→ Problem requirements
Look through the material below and copy every line containing the word "point".

→ Data to use
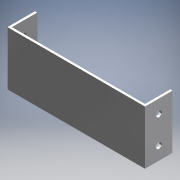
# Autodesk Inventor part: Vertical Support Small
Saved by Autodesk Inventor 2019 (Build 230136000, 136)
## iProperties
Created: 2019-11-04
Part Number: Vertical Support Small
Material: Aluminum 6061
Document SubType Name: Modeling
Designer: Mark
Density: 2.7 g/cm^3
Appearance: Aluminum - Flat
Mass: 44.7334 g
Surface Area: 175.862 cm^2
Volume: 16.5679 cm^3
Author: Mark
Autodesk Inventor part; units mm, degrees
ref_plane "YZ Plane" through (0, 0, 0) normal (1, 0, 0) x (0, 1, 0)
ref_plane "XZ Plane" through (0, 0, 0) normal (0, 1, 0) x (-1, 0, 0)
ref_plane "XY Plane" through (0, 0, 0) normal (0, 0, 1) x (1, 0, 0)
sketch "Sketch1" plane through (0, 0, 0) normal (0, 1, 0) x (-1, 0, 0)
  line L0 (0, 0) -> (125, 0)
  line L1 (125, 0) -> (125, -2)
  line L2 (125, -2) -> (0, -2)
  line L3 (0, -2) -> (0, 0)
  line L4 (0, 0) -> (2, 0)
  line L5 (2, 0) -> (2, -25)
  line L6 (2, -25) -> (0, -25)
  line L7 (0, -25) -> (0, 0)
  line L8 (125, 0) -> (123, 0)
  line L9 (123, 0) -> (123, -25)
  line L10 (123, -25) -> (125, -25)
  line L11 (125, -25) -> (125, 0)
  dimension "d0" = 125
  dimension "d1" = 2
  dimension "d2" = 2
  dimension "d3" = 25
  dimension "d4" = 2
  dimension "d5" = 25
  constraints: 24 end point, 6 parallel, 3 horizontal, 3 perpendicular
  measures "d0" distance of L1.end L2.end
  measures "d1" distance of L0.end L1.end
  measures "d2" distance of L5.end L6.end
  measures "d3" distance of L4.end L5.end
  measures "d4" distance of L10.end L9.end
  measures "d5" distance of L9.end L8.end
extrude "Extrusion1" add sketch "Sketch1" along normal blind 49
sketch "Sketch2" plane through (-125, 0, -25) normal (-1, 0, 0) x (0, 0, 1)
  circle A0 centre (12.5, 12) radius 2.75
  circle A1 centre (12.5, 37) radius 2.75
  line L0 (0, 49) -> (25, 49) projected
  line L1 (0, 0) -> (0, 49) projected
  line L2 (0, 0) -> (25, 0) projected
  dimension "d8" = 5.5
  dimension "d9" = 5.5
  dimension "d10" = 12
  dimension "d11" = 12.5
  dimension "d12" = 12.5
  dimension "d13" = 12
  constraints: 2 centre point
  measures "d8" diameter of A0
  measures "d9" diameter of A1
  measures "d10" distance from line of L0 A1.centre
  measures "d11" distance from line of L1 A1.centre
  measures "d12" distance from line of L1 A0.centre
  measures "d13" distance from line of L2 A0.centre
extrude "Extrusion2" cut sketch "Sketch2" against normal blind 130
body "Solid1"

→ Answer space
  constraints: 24 end point, 6 parallel, 3 horizontal, 3 perpendicular
  constraints: 2 centre point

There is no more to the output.